Do you want to be driven by your ego, which will make you highly susceptible to emotional pollution?
Or be motivated by your deepest values?
2. Identify with your deeper values.
Below are the broad categories of values:
- Basic humanity (compassion, kindness, equality, fairness, respect).
- Love (emotional support, kindness, compassion, appreciation, respect, acceptance of differences).
- Spirituality (sense of connection to something larger than the self)
- Beauty (natural and creative)
- Community (goodwill, cooperation, flexibility)
3. Stand for something.
“Be not simply good, be good for something.” -Thoreau
Emotional pollution is all about being against something, devaluing rather than valuing, tearing down rather than building up.
List five things that you stand for. (Examples: fairness, hard work, integrity, compassion, kindness.) Make sure the values you listed are the guide and measure of your behavior for the next three weeks. At the end of three weeks, you’ll enjoy a greater sense of well-being and authenticity. You’ll build immunity to emotional pollution.
Love and Emotional Pollution
Most of the negative emotions couples blame on each other are stimulated or exacerbated by emotional pollution in the environment. But don’t take my word for it, test the hypothesis for yourself:
Briefly describe the last three times you had negative feelings for your partner. Then, ponder the following questions:
- What were you doing or experiencing immediately before the bad feelings?
- What was your partner doing/experiencing immediately before the bad feelings?
- Did any negative feelings unrelated to your partner precede the negative feelings for your partner?
- Did you feel connected to your partner before the negative emotions?
Of the 400 couples in my practice who answered these questions, 83% reported that negative feelings, unrelated to the partner, preceded negative feelings between the partners. In no case did couples feel connected before the negative feelings passed between them. The space between partners is a Petri dish for emotional pollution.
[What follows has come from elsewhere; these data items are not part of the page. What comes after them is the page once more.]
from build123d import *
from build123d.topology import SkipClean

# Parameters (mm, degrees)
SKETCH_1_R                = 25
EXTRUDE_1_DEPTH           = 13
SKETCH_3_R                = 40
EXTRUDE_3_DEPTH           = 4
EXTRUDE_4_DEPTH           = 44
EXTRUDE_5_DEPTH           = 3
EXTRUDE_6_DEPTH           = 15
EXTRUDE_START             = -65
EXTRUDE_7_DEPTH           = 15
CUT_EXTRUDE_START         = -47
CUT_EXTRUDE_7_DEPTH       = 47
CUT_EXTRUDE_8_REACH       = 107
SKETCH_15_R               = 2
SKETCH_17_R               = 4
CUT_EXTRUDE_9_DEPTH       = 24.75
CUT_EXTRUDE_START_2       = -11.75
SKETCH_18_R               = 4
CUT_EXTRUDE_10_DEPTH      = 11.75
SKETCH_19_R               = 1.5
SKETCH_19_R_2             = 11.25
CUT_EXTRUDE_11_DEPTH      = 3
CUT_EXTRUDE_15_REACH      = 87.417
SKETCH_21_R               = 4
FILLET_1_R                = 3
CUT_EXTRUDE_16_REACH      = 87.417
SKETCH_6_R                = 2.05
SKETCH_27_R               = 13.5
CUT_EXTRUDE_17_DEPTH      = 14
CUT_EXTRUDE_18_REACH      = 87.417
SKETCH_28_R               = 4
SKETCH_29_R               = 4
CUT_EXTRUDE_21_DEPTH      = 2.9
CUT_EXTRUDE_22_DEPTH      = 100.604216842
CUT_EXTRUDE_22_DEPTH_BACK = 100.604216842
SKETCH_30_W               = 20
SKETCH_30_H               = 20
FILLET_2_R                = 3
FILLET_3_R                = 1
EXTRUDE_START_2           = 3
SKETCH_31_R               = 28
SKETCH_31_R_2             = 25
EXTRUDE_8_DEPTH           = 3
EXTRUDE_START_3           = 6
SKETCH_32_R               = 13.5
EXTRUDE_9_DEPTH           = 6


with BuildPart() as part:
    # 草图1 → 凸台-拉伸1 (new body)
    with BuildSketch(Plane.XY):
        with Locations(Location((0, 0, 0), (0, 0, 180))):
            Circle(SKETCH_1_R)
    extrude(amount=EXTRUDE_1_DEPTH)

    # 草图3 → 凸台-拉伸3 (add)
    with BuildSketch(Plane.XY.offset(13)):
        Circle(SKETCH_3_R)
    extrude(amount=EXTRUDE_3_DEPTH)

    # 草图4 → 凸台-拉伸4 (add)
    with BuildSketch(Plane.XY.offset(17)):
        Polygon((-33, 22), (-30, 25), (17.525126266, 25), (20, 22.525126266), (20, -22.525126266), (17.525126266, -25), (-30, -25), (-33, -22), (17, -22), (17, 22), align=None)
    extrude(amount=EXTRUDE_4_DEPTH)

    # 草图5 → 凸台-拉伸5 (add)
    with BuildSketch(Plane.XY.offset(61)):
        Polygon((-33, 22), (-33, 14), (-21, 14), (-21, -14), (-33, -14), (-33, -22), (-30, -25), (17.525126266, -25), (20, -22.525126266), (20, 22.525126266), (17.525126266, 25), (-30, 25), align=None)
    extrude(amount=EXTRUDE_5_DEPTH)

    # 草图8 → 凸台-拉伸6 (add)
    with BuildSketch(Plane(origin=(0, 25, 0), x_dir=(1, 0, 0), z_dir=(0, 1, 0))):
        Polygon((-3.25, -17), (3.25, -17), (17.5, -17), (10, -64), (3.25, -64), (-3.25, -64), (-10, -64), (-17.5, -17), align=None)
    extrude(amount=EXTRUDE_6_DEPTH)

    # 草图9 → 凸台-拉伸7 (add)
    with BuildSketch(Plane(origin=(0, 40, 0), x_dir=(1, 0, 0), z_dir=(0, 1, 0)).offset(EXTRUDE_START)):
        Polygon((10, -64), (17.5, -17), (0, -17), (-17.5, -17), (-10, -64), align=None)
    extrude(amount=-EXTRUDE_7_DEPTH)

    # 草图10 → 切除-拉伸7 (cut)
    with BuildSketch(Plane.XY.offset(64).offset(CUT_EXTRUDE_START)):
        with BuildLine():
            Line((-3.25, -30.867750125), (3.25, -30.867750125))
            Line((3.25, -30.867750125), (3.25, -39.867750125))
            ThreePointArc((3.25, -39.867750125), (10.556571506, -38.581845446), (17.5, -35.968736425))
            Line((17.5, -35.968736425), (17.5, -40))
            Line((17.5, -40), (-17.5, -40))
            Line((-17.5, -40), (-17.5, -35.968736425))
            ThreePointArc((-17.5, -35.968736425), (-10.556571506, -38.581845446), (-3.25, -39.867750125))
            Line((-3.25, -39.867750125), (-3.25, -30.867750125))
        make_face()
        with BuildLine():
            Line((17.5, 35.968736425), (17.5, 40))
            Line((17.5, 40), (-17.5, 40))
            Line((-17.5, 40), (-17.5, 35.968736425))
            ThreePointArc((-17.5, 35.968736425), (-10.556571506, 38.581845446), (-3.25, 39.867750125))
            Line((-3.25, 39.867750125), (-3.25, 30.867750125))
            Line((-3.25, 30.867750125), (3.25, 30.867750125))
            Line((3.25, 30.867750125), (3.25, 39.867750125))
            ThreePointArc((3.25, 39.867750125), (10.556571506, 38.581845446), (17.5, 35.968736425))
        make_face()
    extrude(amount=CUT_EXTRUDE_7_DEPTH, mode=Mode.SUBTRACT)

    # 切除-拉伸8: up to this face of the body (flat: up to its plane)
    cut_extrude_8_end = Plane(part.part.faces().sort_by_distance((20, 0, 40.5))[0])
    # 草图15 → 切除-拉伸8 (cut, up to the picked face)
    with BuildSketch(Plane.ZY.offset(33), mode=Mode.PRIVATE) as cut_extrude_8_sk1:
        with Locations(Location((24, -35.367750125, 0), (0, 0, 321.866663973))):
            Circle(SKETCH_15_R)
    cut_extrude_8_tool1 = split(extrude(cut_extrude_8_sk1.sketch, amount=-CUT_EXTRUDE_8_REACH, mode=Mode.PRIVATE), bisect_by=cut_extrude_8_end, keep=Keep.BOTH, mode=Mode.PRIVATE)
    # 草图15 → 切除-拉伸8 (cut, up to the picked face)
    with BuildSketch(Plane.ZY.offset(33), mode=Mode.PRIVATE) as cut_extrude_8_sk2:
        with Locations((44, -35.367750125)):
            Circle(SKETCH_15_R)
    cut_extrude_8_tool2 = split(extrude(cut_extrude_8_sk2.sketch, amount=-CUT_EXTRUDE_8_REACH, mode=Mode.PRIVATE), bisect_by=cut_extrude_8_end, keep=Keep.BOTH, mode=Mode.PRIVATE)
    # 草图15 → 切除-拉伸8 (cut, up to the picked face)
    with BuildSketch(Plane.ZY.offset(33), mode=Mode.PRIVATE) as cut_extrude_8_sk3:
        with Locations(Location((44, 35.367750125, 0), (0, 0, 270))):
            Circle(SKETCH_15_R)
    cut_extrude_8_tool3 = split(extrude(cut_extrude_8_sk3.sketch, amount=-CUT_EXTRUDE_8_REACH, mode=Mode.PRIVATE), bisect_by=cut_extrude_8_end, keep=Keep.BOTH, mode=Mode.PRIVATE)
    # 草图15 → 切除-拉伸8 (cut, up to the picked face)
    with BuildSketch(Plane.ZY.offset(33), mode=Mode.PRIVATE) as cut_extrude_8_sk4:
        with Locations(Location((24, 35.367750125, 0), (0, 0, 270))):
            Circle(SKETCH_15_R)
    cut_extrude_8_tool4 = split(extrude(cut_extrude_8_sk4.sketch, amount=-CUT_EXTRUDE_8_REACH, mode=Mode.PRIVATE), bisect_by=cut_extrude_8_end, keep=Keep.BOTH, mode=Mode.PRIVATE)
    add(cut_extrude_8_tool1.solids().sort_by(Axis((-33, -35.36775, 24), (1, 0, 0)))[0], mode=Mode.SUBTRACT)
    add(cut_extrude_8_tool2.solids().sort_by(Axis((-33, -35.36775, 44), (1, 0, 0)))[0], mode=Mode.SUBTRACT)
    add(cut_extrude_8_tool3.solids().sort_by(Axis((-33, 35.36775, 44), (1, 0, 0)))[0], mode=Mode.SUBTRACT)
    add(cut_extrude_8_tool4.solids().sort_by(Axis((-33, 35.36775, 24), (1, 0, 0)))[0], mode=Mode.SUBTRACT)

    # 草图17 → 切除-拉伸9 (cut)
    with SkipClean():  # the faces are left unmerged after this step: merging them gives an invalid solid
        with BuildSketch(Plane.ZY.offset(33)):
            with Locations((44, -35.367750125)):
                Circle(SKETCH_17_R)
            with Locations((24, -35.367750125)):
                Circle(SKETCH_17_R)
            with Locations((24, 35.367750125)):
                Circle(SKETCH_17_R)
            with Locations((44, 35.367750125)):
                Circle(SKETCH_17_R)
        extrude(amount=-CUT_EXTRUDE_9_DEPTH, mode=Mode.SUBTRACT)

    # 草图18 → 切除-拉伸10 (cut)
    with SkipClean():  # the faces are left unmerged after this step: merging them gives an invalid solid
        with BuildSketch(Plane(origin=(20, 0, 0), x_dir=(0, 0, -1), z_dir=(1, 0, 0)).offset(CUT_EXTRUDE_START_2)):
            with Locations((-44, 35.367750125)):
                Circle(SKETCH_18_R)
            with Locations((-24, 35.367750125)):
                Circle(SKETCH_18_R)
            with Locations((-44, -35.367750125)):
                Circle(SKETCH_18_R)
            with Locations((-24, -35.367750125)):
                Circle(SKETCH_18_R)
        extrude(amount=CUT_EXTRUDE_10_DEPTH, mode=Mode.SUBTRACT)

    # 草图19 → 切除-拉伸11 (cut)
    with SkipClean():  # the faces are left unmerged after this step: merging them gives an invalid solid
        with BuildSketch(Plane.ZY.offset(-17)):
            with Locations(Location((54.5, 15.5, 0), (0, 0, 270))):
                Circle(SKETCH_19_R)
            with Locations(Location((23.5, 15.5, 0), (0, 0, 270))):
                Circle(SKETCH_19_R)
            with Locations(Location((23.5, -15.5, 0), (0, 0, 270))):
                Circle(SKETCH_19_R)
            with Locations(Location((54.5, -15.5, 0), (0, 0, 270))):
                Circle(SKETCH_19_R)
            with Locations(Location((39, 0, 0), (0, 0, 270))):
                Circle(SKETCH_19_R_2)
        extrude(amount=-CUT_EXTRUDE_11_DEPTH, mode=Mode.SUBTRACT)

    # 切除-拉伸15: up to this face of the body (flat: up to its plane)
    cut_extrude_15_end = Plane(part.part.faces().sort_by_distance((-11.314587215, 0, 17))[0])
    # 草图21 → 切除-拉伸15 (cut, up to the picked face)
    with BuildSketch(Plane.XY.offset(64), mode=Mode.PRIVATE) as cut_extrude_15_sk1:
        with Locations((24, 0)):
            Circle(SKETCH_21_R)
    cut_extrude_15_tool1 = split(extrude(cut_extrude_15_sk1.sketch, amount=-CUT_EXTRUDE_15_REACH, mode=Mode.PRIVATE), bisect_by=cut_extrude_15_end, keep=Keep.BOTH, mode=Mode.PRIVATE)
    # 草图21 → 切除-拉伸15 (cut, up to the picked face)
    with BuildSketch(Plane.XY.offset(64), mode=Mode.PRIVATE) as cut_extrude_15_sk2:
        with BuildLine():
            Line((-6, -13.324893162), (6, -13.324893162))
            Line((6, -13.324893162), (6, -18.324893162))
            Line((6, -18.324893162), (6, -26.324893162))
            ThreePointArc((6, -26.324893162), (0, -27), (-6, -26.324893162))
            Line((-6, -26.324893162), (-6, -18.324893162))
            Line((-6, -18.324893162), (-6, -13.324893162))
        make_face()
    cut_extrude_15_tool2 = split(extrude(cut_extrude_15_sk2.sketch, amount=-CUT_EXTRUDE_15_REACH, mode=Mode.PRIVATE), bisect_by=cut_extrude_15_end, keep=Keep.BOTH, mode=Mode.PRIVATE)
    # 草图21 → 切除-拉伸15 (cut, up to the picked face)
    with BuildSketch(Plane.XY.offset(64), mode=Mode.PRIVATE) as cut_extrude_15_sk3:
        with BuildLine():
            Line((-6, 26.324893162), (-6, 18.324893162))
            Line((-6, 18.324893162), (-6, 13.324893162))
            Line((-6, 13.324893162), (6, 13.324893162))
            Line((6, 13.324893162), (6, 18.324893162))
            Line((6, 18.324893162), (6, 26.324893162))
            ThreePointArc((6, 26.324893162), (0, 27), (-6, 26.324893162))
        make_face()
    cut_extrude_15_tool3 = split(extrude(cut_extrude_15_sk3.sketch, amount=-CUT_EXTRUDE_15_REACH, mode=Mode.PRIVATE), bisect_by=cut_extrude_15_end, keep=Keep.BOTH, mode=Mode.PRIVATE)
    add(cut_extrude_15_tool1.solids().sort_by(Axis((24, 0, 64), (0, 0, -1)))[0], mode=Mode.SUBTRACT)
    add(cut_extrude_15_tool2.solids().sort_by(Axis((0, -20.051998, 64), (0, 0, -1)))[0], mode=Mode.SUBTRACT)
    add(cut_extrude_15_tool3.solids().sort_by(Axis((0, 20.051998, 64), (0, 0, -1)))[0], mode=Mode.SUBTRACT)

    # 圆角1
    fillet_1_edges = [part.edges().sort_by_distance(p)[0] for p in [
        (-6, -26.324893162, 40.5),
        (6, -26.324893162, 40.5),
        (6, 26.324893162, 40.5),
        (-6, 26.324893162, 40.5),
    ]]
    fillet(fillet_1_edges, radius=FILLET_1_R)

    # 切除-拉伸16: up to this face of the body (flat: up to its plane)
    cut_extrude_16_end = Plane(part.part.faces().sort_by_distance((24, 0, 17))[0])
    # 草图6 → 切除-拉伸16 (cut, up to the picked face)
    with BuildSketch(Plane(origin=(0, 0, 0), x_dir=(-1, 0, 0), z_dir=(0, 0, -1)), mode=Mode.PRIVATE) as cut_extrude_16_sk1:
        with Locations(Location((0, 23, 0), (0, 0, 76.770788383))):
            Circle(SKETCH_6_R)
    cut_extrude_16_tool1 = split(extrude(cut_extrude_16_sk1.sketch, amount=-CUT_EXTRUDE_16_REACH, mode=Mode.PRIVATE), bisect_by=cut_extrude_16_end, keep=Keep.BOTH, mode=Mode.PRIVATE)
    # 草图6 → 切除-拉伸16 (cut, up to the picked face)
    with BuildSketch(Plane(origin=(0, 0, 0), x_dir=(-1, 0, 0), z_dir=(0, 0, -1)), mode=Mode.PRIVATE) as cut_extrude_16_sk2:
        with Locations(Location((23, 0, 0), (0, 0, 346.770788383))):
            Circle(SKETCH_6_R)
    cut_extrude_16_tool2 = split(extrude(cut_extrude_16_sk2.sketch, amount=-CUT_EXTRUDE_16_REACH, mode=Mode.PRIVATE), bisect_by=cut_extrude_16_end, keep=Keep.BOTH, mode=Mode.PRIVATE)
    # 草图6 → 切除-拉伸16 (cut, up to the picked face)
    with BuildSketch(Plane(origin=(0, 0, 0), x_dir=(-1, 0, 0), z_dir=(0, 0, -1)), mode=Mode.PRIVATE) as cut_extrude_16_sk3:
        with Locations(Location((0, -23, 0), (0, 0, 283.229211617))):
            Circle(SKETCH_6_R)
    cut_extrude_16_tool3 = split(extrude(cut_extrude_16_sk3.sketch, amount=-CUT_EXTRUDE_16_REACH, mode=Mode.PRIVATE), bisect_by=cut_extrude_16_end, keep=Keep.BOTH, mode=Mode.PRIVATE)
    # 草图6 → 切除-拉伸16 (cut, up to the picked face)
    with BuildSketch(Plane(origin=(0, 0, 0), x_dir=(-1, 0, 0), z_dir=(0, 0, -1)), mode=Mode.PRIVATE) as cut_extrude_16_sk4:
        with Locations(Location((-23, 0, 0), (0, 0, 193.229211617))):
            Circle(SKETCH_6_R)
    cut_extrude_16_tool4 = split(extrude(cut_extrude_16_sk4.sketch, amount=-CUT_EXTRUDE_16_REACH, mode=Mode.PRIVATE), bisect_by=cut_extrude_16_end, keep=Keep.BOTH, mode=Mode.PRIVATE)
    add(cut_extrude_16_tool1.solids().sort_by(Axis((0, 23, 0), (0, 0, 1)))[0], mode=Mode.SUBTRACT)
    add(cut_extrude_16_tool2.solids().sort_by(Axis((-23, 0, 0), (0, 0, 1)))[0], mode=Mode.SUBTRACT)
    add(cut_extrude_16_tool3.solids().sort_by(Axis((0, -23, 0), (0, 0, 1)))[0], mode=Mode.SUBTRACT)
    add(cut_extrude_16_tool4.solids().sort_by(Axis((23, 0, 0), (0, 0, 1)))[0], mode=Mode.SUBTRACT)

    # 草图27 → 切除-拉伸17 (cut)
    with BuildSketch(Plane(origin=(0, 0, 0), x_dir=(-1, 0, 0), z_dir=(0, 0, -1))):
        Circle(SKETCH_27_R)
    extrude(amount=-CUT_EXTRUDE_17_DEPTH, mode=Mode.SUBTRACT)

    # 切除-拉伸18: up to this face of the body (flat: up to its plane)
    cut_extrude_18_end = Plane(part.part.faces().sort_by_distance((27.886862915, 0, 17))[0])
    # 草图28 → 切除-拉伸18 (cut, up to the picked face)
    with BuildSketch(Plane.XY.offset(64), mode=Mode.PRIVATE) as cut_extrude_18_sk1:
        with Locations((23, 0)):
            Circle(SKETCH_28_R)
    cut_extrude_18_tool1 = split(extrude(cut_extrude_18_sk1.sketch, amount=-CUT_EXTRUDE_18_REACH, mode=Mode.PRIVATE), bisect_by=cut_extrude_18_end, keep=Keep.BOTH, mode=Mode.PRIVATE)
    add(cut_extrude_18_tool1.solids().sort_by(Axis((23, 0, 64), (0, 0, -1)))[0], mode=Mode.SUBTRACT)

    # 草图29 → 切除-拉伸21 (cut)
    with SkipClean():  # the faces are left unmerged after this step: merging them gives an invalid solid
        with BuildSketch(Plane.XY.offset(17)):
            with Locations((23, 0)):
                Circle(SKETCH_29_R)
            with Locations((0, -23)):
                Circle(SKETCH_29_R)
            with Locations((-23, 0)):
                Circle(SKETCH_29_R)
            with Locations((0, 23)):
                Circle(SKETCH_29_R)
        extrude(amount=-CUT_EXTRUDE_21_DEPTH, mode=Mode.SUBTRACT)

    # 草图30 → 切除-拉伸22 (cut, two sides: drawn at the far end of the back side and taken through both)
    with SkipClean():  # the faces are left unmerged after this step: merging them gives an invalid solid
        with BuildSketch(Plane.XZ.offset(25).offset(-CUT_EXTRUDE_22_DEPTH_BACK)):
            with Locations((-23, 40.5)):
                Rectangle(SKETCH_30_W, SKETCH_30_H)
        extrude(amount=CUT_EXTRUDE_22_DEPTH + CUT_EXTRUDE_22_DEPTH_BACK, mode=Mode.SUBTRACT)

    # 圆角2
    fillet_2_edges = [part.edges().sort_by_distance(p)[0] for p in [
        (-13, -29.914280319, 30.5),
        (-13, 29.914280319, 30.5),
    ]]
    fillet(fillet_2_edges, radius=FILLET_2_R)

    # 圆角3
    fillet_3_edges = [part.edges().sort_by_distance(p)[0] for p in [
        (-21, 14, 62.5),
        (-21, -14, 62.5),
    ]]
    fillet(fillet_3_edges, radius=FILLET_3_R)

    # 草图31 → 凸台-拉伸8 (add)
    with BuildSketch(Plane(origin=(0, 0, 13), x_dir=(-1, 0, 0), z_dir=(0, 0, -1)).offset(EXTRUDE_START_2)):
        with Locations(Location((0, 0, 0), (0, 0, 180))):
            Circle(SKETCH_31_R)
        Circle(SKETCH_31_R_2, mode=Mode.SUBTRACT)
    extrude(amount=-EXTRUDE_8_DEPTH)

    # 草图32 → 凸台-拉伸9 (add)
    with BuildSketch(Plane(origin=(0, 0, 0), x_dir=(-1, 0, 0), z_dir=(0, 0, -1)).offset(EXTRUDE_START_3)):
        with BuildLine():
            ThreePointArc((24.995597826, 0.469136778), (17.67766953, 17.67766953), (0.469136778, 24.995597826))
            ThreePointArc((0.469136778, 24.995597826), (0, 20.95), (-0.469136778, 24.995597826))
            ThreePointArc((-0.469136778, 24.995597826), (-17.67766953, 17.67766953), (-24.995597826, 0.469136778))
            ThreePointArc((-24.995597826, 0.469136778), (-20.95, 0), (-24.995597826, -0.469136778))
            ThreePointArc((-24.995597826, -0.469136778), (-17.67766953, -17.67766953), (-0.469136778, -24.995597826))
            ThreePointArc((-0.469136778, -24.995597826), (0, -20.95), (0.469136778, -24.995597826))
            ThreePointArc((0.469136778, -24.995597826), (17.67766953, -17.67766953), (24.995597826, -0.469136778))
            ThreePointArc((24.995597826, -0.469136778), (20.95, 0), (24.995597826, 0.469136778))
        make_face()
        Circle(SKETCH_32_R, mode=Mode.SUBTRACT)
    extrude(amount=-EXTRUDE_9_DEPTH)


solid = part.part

Improving relationships requires that couples work together to overcome the effects of emotional pollution, rather than blame them on each other. That means standing for deeper values rather than acting on temporary feelings.
I’ve posted elsewhere about the toddler coping mechanisms of blame, denial, and avoidance undermining love relationships. They turn partners into opponents and, eventually, into enemies.
The problem lies in how we resolve cognitive dissonance, which is the discomfort of self-image colliding with reality. Some cognitive dissonance in life and love is inevitable. A functional self-image concerns what is most important to us, while behavior is mostly about short-term comfort, pleasure, and utility.
Cognitive dissonance strengthens love relationships when we resolve it this way:
“I’m a compassionate and loving partner, yet I’m resentful and not compassionate toward you. Therefore, I’ll adjust my behavior to be more compassionate and loving.”
Cognitive dissonance destroys love relationships when we blame it on our partners:
“I’m a compassionate and loving partner, yet I’m resentful and uncompassionate to you. Therefore, there must be something wrong with you. I must keep focused on what I don’t like to justify my negative feelings.”
Cognitive dissonance is not about getting what you want, it’s about being who you really are – true to your deepest values.
The Strongest Vaccination against Emotional Pollution:
Become the partner you most want to be.
Begin by circling the point that best describes your current state as a partner on the following continuum:
Loving l l l l l l l l l l Contemptuous
Compassionate l l l l l l l l l l Resentful
Supportive l l l l l l l l l l Critical
Flexible l l l l l l l l l l Rigid
Fair l l l l l l l l l l Unfair
Sexy l l l l l l l l l l Rejecting sex
Describe what you will do to move a notch closer to the kind of partner you most want to be.
In response to emotional pollution, in the home and outside it, we either spread basic humanity or let in resentment, radiate light or let in darkness.